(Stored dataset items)

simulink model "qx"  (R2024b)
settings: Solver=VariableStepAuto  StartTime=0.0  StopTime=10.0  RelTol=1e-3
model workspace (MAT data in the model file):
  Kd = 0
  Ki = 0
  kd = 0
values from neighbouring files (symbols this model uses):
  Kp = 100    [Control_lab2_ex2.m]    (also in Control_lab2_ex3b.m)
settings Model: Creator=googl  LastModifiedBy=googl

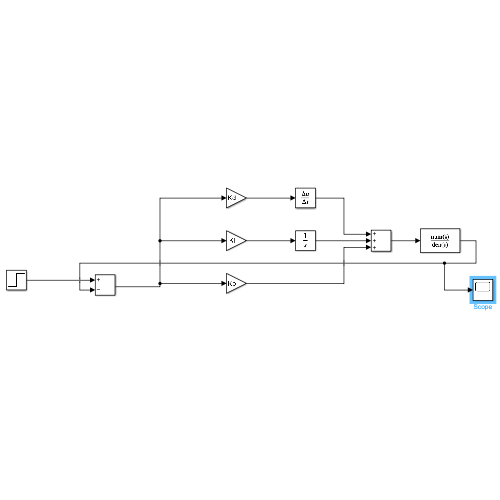
[thumbnail: Simulink's stored preview of the top-level diagram]
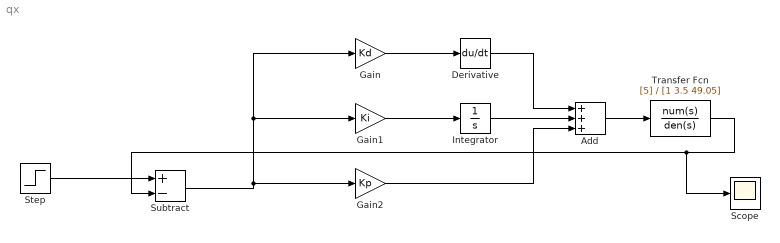
== system qx ==
  Add : Sum  Inputs=+++
  Derivative : Derivative
  Gain : Gain  Gain=Kd
  Gain1 : Gain  Gain=Ki
  Gain2 : Gain  Gain=Kp
  Integrator : Integrator
  Scope : Scope
  Step : Step  SampleTime=0
  Subtract : Sum  Inputs=+-
  Transfer Fcn : TransferFcn  Numerator=[5]  Denominator=[1 3.5 49.05]
  wires:
  Step/1 -> Subtract/1
  Subtract/1 -> Gain/1, Gain1/1, Gain2/1
  Gain/1 -> Derivative/1
  Gain1/1 -> Integrator/1
  Derivative/1 -> Add/1
  Integrator/1 -> Add/2
  Gain2/1 -> Add/3
  Add/1 -> Transfer Fcn/1
  Transfer Fcn/1 -> Scope/1, Subtract/2

▶ YOUR INSTRUCTIONS
Scan the records above and count the lines that contain "Derivative". No text besides the count.

▶ REPLY TO THE TASK
3